The records below hold pictures; please leave those out and retype the rest exactly.
*** Records shown Section Begins ***
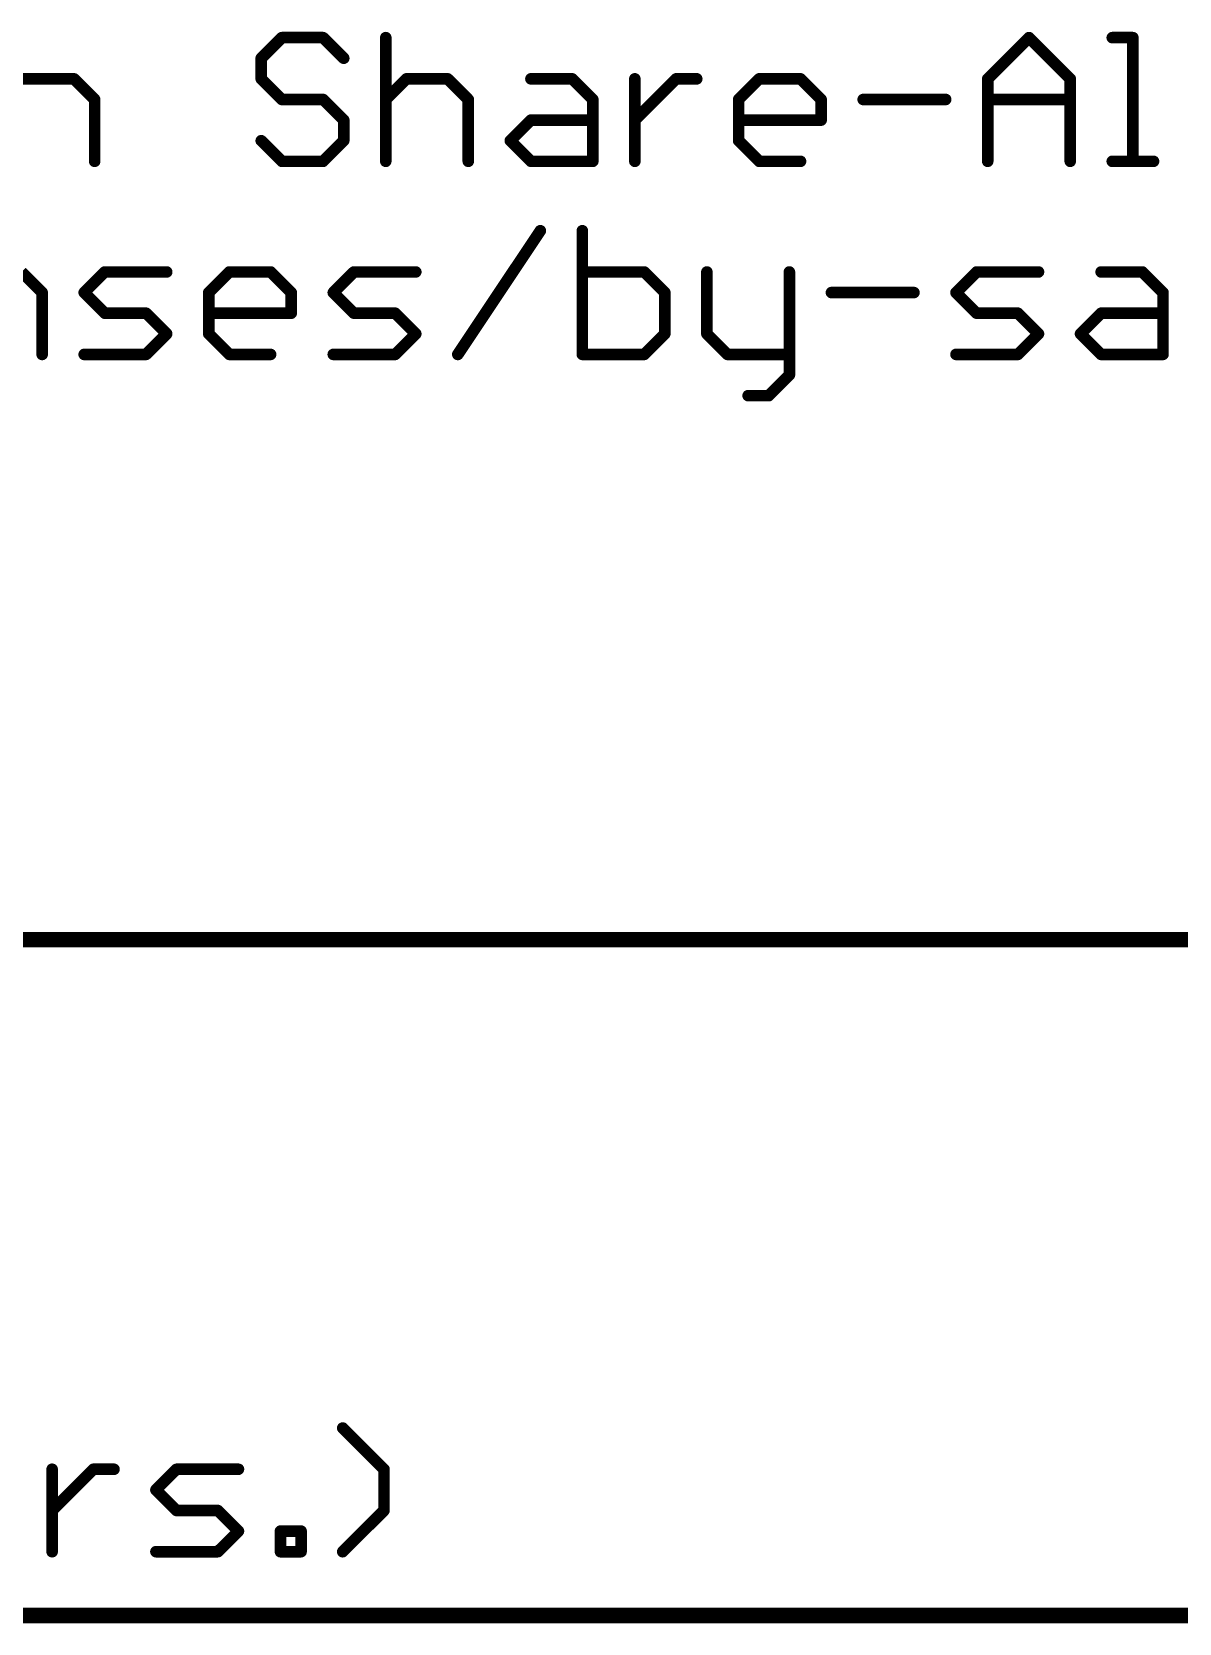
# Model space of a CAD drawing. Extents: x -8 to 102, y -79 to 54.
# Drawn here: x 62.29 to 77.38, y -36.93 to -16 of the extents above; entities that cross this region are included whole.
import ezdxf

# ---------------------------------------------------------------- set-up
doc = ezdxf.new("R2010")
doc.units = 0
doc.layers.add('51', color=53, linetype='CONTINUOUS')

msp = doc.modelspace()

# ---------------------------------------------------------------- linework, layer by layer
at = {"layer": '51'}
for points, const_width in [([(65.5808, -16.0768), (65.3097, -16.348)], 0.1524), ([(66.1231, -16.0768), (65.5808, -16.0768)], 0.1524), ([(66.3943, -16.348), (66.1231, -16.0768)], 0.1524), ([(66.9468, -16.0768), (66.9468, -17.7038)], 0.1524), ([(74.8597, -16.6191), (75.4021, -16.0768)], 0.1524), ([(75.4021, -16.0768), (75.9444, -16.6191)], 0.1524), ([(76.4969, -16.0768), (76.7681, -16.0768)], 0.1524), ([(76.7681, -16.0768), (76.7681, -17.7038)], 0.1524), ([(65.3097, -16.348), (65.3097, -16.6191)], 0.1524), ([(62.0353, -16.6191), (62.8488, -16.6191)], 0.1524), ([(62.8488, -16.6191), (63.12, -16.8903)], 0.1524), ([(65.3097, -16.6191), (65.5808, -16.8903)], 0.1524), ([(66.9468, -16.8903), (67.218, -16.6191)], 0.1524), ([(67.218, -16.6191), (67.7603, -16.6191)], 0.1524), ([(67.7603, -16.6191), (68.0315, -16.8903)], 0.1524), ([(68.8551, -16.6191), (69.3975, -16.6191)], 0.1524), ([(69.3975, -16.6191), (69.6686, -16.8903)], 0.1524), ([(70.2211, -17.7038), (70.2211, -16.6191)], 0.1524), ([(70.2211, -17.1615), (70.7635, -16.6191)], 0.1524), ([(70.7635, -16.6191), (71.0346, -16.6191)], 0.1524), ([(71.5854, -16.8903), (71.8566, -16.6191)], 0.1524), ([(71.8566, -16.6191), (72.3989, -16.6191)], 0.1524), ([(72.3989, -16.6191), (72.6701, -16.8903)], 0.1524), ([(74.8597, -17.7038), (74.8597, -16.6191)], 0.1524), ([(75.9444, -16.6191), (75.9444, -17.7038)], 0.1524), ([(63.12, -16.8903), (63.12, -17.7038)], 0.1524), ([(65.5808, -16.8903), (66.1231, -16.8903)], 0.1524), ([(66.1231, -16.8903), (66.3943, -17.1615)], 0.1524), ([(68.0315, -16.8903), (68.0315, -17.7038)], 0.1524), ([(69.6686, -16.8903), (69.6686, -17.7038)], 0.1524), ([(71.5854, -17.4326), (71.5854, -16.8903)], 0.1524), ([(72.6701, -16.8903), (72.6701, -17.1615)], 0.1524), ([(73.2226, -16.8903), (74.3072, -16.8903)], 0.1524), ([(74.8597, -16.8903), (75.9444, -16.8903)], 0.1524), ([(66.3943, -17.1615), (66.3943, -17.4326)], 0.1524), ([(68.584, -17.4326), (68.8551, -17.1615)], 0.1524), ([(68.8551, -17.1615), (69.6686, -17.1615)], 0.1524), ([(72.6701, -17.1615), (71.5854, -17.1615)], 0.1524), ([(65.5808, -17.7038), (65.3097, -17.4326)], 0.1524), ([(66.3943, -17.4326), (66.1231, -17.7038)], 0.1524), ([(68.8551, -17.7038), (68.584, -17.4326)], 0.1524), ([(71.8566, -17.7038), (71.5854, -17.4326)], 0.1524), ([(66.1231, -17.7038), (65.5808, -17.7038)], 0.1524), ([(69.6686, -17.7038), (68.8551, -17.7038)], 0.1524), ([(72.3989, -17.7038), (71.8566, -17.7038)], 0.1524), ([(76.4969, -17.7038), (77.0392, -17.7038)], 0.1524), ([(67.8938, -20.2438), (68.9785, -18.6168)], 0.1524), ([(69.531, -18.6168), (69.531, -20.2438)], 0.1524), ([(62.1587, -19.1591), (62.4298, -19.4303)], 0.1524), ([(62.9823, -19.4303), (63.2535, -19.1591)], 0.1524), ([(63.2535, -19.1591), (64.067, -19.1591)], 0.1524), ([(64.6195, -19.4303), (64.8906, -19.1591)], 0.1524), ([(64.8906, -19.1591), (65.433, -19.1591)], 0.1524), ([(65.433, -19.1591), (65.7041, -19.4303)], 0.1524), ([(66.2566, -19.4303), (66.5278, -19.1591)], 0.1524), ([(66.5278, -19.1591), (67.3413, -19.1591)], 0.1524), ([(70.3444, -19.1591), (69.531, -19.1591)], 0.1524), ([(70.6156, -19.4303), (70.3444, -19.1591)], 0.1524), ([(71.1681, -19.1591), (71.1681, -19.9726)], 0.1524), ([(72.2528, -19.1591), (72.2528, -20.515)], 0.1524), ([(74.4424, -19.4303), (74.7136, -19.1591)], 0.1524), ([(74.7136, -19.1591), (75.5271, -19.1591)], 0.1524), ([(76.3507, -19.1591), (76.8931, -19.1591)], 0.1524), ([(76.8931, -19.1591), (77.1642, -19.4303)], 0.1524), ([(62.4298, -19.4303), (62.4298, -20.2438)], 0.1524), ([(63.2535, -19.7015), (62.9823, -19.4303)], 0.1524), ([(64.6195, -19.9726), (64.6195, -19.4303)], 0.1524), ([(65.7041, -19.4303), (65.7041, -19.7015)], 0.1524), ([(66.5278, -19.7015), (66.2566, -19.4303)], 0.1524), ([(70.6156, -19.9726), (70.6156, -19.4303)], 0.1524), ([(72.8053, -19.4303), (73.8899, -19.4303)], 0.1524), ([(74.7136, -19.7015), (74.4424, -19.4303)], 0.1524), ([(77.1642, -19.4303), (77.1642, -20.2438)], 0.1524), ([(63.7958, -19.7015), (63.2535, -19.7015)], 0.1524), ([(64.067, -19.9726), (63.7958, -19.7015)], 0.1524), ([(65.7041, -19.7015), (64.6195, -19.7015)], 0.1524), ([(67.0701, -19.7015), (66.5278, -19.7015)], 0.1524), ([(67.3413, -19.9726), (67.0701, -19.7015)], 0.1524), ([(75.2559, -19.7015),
*** Records shown Section Ends ***
** Your response **
# Model space of a CAD drawing. Extents: x -8 to 102, y -79 to 54.
# Drawn here: x 62.29 to 77.38, y -36.93 to -16 of the extents above; entities that cross this region are included whole.
import ezdxf

# ---------------------------------------------------------------- set-up
doc = ezdxf.new("R2010")
doc.units = 0
doc.layers.add('51', color=53, linetype='CONTINUOUS')

msp = doc.modelspace()

# ---------------------------------------------------------------- linework, layer by layer
at = {"layer": '51'}
for points, const_width in [([(65.5808, -16.0768), (65.3097, -16.348)], 0.1524), ([(66.1231, -16.0768), (65.5808, -16.0768)], 0.1524), ([(66.3943, -16.348), (66.1231, -16.0768)], 0.1524), ([(66.9468, -16.0768), (66.9468, -17.7038)], 0.1524), ([(74.8597, -16.6191), (75.4021, -16.0768)], 0.1524), ([(75.4021, -16.0768), (75.9444, -16.6191)], 0.1524), ([(76.4969, -16.0768), (76.7681, -16.0768)], 0.1524), ([(76.7681, -16.0768), (76.7681, -17.7038)], 0.1524), ([(65.3097, -16.348), (65.3097, -16.6191)], 0.1524), ([(62.0353, -16.6191), (62.8488, -16.6191)], 0.1524), ([(62.8488, -16.6191), (63.12, -16.8903)], 0.1524), ([(65.3097, -16.6191), (65.5808, -16.8903)], 0.1524), ([(66.9468, -16.8903), (67.218, -16.6191)], 0.1524), ([(67.218, -16.6191), (67.7603, -16.6191)], 0.1524), ([(67.7603, -16.6191), (68.0315, -16.8903)], 0.1524), ([(68.8551, -16.6191), (69.3975, -16.6191)], 0.1524), ([(69.3975, -16.6191), (69.6686, -16.8903)], 0.1524), ([(70.2211, -17.7038), (70.2211, -16.6191)], 0.1524), ([(70.2211, -17.1615), (70.7635, -16.6191)], 0.1524), ([(70.7635, -16.6191), (71.0346, -16.6191)], 0.1524), ([(71.5854, -16.8903), (71.8566, -16.6191)], 0.1524), ([(71.8566, -16.6191), (72.3989, -16.6191)], 0.1524), ([(72.3989, -16.6191), (72.6701, -16.8903)], 0.1524), ([(74.8597, -17.7038), (74.8597, -16.6191)], 0.1524), ([(75.9444, -16.6191), (75.9444, -17.7038)], 0.1524), ([(63.12, -16.8903), (63.12, -17.7038)], 0.1524), ([(65.5808, -16.8903), (66.1231, -16.8903)], 0.1524), ([(66.1231, -16.8903), (66.3943, -17.1615)], 0.1524), ([(68.0315, -16.8903), (68.0315, -17.7038)], 0.1524), ([(69.6686, -16.8903), (69.6686, -17.7038)], 0.1524), ([(71.5854, -17.4326), (71.5854, -16.8903)], 0.1524), ([(72.6701, -16.8903), (72.6701, -17.1615)], 0.1524), ([(73.2226, -16.8903), (74.3072, -16.8903)], 0.1524), ([(74.8597, -16.8903), (75.9444, -16.8903)], 0.1524), ([(66.3943, -17.1615), (66.3943, -17.4326)], 0.1524), ([(68.584, -17.4326), (68.8551, -17.1615)], 0.1524), ([(68.8551, -17.1615), (69.6686, -17.1615)], 0.1524), ([(72.6701, -17.1615), (71.5854, -17.1615)], 0.1524), ([(65.5808, -17.7038), (65.3097, -17.4326)], 0.1524), ([(66.3943, -17.4326), (66.1231, -17.7038)], 0.1524), ([(68.8551, -17.7038), (68.584, -17.4326)], 0.1524), ([(71.8566, -17.7038), (71.5854, -17.4326)], 0.1524), ([(66.1231, -17.7038), (65.5808, -17.7038)], 0.1524), ([(69.6686, -17.7038), (68.8551, -17.7038)], 0.1524), ([(72.3989, -17.7038), (71.8566, -17.7038)], 0.1524), ([(76.4969, -17.7038), (77.0392, -17.7038)], 0.1524), ([(67.8938, -20.2438), (68.9785, -18.6168)], 0.1524), ([(69.531, -18.6168), (69.531, -20.2438)], 0.1524), ([(62.1587, -19.1591), (62.4298, -19.4303)], 0.1524), ([(62.9823, -19.4303), (63.2535, -19.1591)], 0.1524), ([(63.2535, -19.1591), (64.067, -19.1591)], 0.1524), ([(64.6195, -19.4303), (64.8906, -19.1591)], 0.1524), ([(64.8906, -19.1591), (65.433, -19.1591)], 0.1524), ([(65.433, -19.1591), (65.7041, -19.4303)], 0.1524), ([(66.2566, -19.4303), (66.5278, -19.1591)], 0.1524), ([(66.5278, -19.1591), (67.3413, -19.1591)], 0.1524), ([(70.3444, -19.1591), (69.531, -19.1591)], 0.1524), ([(70.6156, -19.4303), (70.3444, -19.1591)], 0.1524), ([(71.1681, -19.1591), (71.1681, -19.9726)], 0.1524), ([(72.2528, -19.1591), (72.2528, -20.515)], 0.1524), ([(74.4424, -19.4303), (74.7136, -19.1591)], 0.1524), ([(74.7136, -19.1591), (75.5271, -19.1591)], 0.1524), ([(76.3507, -19.1591), (76.8931, -19.1591)], 0.1524), ([(76.8931, -19.1591), (77.1642, -19.4303)], 0.1524), ([(62.4298, -19.4303), (62.4298, -20.2438)], 0.1524), ([(63.2535, -19.7015), (62.9823, -19.4303)], 0.1524), ([(64.6195, -19.9726), (64.6195, -19.4303)], 0.1524), ([(65.7041, -19.4303), (65.7041, -19.7015)], 0.1524), ([(66.5278, -19.7015), (66.2566, -19.4303)], 0.1524), ([(70.6156, -19.9726), (70.6156, -19.4303)], 0.1524), ([(72.8053, -19.4303), (73.8899, -19.4303)], 0.1524), ([(74.7136, -19.7015), (74.4424, -19.4303)], 0.1524), ([(77.1642, -19.4303), (77.1642, -20.2438)], 0.1524), ([(63.7958, -19.7015), (63.2535, -19.7015)], 0.1524), ([(64.067, -19.9726), (63.7958, -19.7015)], 0.1524), ([(65.7041, -19.7015), (64.6195, -19.7015)], 0.1524), ([(67.0701, -19.7015), (66.5278, -19.7015)], 0.1524), ([(67.3413, -19.9726), (67.0701, -19.7015)], 0.1524), ([(75.2559, -19.7015),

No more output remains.